(PROBLEM TO SOLVE)
Scan the entries line by line and return those with "LookUnderMasks".

Stored records:
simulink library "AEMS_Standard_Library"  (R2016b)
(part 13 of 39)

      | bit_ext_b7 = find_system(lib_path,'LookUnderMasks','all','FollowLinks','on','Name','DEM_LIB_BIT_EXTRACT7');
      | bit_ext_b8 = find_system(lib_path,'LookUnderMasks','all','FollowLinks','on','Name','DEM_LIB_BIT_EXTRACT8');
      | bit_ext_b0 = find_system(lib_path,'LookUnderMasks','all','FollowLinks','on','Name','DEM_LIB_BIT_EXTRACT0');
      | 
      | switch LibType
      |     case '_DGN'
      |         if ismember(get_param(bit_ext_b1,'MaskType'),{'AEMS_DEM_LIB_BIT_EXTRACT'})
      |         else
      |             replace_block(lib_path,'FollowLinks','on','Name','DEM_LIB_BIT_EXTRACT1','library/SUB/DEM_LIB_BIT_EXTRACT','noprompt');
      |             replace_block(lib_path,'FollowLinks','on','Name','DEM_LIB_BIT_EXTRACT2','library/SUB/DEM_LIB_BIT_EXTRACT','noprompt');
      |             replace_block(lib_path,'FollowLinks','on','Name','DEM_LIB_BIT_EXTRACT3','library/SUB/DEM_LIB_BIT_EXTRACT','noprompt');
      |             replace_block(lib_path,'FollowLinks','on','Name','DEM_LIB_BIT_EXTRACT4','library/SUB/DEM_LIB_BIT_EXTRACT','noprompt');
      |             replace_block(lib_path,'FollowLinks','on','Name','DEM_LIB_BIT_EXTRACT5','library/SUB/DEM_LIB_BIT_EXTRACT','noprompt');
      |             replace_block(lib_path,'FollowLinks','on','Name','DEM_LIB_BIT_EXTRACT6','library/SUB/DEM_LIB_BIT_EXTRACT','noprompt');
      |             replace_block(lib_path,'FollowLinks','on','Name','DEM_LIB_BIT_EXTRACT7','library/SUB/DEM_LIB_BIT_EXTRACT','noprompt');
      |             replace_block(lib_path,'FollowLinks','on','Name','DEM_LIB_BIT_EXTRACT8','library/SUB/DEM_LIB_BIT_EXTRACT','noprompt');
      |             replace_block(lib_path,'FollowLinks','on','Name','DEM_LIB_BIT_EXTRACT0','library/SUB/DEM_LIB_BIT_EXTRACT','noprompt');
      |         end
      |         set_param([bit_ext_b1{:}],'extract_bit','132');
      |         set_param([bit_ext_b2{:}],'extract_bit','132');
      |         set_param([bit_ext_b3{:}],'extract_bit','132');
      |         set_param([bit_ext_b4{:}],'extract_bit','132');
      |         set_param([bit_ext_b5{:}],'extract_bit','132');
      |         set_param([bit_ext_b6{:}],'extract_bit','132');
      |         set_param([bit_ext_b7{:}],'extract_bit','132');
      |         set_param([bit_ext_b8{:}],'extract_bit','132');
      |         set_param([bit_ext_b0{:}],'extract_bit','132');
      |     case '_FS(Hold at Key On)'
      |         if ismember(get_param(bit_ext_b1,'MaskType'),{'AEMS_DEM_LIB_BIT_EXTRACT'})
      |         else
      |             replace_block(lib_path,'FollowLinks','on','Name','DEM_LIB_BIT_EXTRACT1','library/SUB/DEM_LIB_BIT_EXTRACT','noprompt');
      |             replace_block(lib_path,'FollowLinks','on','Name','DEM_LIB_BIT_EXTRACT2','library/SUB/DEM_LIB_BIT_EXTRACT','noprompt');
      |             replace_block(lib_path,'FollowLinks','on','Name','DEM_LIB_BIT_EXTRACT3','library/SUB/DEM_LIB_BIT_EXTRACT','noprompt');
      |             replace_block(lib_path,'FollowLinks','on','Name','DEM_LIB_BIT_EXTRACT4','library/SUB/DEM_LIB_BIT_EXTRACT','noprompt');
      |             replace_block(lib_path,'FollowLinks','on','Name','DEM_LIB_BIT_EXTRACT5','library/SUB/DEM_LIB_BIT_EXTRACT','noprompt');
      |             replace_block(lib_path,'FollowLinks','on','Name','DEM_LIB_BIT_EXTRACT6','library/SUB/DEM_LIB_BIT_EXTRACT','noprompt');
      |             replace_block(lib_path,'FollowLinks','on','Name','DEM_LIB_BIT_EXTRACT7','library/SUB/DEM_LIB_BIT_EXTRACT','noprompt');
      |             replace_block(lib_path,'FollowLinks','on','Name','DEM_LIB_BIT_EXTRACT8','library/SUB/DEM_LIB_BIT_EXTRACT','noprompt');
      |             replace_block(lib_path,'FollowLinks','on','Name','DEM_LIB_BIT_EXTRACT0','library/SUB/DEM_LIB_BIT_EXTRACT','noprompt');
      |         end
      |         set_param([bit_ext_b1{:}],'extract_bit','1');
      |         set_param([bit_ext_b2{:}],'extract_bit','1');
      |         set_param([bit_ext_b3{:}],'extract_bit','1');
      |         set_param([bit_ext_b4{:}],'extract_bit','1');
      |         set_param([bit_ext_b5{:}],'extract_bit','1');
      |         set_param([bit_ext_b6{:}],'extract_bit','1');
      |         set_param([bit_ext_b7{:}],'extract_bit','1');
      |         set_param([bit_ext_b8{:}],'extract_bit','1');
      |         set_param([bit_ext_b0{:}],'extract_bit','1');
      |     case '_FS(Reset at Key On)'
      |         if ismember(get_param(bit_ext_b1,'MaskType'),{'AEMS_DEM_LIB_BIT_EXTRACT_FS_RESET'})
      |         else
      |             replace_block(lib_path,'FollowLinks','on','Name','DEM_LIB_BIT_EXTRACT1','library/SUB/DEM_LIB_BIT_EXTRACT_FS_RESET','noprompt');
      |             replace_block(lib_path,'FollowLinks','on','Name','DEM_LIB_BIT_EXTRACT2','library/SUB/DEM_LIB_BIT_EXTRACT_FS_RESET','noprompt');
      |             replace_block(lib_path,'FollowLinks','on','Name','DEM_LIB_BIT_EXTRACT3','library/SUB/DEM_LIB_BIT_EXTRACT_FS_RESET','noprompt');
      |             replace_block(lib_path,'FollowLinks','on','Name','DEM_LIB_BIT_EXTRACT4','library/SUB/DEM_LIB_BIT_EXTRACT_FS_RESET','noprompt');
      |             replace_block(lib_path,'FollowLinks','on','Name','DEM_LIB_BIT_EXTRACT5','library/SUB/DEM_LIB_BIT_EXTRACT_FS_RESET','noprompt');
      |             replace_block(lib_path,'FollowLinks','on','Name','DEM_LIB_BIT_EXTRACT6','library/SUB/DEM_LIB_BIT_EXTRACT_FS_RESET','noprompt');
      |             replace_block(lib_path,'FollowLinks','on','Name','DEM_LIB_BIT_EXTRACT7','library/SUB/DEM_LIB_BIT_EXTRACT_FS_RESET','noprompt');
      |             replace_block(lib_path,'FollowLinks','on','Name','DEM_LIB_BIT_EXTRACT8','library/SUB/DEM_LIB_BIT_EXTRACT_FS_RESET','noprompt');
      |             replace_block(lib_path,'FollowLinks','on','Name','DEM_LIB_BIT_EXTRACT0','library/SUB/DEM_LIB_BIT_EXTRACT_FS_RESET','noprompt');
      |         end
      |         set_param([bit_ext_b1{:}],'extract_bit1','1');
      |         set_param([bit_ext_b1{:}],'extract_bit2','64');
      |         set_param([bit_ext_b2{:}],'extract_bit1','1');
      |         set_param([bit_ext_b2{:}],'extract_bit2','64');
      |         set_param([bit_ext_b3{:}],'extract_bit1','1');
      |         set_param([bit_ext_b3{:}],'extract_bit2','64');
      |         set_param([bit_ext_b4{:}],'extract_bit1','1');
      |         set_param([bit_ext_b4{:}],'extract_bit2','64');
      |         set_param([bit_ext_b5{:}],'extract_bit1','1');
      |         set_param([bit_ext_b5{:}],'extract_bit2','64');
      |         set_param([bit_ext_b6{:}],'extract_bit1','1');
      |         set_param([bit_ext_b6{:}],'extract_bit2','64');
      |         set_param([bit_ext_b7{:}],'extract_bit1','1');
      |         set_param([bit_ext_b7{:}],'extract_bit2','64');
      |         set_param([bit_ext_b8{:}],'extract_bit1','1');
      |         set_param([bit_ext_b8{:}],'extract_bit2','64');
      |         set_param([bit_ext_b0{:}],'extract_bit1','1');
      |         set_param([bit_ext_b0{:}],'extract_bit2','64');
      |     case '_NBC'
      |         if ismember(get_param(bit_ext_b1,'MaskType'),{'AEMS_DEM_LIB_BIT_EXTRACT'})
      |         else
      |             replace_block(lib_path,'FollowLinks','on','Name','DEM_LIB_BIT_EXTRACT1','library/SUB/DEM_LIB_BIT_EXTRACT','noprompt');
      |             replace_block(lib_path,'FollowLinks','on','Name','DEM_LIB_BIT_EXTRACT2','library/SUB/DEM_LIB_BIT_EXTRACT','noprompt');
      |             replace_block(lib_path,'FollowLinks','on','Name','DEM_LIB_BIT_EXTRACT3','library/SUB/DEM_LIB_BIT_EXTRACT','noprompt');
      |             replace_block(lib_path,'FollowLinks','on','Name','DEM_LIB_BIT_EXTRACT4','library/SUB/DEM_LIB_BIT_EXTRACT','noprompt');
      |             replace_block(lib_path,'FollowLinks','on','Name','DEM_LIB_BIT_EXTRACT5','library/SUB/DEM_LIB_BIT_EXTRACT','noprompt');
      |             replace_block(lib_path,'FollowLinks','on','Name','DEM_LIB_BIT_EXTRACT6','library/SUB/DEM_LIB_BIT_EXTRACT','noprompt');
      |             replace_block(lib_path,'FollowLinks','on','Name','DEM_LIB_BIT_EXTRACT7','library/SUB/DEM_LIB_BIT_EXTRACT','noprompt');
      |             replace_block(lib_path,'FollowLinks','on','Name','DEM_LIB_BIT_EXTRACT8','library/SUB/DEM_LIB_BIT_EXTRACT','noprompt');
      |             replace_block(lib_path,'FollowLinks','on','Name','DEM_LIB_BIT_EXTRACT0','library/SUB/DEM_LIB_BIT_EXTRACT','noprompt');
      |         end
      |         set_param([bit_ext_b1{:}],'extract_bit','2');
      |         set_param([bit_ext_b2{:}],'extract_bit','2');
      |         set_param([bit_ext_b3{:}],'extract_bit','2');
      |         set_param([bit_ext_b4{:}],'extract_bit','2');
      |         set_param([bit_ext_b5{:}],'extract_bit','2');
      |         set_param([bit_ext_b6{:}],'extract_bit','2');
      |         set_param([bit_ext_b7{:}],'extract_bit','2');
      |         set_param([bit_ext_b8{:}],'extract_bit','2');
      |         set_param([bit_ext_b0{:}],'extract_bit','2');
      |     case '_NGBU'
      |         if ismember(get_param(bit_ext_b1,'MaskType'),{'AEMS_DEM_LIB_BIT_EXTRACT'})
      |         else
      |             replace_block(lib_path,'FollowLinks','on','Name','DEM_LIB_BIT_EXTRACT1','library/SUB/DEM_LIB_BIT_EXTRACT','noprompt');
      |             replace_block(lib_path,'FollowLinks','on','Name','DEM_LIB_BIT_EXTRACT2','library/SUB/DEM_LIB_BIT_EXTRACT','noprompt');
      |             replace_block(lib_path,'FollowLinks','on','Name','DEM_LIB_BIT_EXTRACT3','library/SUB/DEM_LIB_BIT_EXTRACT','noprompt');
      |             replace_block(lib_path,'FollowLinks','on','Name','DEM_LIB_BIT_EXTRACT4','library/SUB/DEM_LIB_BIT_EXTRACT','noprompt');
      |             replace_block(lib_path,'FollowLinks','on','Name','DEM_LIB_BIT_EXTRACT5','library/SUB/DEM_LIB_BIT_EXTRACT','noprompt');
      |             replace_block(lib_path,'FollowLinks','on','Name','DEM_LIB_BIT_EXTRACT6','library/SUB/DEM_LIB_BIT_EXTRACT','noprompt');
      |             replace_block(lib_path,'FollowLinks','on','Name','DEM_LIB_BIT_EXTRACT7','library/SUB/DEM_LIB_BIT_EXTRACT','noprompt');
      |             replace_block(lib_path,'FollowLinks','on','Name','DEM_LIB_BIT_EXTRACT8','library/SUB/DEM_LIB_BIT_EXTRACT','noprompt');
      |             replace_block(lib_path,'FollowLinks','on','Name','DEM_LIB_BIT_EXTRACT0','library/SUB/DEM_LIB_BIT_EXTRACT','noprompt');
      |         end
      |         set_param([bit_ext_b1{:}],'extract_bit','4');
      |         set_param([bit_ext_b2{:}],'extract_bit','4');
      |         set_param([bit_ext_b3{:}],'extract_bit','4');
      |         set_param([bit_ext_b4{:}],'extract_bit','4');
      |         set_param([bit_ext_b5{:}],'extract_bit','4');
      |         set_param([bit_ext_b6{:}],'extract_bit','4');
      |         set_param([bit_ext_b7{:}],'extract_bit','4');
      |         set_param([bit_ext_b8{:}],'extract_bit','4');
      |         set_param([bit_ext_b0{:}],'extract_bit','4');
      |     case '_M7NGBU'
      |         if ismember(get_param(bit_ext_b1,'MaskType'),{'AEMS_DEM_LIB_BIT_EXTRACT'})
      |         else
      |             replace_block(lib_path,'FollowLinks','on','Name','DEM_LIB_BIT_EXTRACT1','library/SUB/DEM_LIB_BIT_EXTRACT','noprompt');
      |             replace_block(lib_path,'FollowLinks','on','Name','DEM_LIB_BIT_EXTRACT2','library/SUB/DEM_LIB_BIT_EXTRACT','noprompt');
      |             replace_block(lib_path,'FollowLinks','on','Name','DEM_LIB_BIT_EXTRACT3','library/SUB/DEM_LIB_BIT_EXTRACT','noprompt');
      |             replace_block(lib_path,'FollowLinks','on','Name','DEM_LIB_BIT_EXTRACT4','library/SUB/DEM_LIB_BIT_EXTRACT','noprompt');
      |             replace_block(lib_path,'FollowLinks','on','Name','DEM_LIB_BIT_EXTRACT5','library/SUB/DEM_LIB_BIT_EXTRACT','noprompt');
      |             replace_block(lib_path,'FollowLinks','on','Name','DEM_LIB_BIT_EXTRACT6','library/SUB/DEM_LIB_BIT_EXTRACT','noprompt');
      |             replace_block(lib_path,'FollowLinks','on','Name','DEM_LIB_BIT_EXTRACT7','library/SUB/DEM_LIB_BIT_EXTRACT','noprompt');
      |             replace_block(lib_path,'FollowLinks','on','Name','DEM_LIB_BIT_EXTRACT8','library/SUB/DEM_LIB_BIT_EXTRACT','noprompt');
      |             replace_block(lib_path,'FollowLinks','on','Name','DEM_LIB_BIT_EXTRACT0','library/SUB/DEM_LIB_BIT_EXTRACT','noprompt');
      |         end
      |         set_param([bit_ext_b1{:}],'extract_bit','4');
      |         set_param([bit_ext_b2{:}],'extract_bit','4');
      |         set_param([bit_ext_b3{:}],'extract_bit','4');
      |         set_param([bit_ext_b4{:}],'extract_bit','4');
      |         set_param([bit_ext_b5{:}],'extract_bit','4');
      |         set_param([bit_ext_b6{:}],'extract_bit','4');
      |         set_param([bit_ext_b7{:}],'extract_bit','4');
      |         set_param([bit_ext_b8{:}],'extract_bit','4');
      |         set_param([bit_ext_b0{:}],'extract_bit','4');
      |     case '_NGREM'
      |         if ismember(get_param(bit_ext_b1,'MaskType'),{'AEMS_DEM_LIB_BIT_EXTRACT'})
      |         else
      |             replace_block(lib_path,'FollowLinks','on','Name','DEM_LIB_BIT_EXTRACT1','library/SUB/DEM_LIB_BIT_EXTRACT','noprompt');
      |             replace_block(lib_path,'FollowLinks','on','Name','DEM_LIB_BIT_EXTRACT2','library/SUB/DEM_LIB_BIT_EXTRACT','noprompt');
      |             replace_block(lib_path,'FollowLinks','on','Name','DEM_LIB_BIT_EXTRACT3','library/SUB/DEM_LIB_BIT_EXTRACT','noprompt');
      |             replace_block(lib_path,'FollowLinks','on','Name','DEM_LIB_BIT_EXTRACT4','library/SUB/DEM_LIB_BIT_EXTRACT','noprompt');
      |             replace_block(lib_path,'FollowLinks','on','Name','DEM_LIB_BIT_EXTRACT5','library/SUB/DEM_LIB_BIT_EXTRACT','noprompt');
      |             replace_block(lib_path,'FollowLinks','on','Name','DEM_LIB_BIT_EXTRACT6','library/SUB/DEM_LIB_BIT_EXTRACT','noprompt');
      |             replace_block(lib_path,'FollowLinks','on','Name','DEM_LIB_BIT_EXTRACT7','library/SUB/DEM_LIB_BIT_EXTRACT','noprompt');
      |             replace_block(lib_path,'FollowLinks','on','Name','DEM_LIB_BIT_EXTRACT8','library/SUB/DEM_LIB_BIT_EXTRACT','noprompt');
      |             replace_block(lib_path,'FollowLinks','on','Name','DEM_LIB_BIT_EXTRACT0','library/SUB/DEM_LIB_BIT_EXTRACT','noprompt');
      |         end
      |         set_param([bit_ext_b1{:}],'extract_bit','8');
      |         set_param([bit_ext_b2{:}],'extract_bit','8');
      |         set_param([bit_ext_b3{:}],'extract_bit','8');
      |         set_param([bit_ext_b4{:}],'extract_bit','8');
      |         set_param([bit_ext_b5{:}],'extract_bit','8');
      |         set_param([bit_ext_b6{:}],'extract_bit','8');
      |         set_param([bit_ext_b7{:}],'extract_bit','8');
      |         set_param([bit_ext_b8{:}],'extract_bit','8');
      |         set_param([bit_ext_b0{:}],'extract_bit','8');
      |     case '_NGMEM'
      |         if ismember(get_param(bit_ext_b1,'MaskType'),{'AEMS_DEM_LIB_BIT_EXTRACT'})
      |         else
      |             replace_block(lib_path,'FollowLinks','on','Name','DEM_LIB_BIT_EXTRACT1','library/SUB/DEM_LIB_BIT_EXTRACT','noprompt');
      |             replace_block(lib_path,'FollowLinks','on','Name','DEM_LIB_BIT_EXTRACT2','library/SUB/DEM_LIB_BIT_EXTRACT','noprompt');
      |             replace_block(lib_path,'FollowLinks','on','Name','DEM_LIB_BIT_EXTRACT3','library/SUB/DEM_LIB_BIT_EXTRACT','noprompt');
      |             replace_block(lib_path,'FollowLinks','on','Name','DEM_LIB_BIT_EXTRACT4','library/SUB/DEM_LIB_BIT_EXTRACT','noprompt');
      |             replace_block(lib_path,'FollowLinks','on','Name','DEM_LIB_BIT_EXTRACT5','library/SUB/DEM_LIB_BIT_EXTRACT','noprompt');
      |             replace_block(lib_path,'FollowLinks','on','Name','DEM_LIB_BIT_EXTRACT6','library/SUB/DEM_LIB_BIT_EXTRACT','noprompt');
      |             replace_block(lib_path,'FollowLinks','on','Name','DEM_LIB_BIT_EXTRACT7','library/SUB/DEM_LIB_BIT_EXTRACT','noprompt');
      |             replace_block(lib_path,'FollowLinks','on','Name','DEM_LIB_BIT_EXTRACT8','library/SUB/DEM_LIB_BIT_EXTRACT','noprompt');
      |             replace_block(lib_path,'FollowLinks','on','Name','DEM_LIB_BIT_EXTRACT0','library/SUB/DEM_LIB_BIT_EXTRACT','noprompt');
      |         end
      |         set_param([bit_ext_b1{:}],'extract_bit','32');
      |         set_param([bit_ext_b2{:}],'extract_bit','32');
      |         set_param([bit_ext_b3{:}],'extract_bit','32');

(RESPONSE BOX)
      | bit_ext_b7 = find_system(lib_path,'LookUnderMasks','all','FollowLinks','on','Name','DEM_LIB_BIT_EXTRACT7');
      | bit_ext_b8 = find_system(lib_path,'LookUnderMasks','all','FollowLinks','on','Name','DEM_LIB_BIT_EXTRACT8');
      | bit_ext_b0 = find_system(lib_path,'LookUnderMasks','all','FollowLinks','on','Name','DEM_LIB_BIT_EXTRACT0');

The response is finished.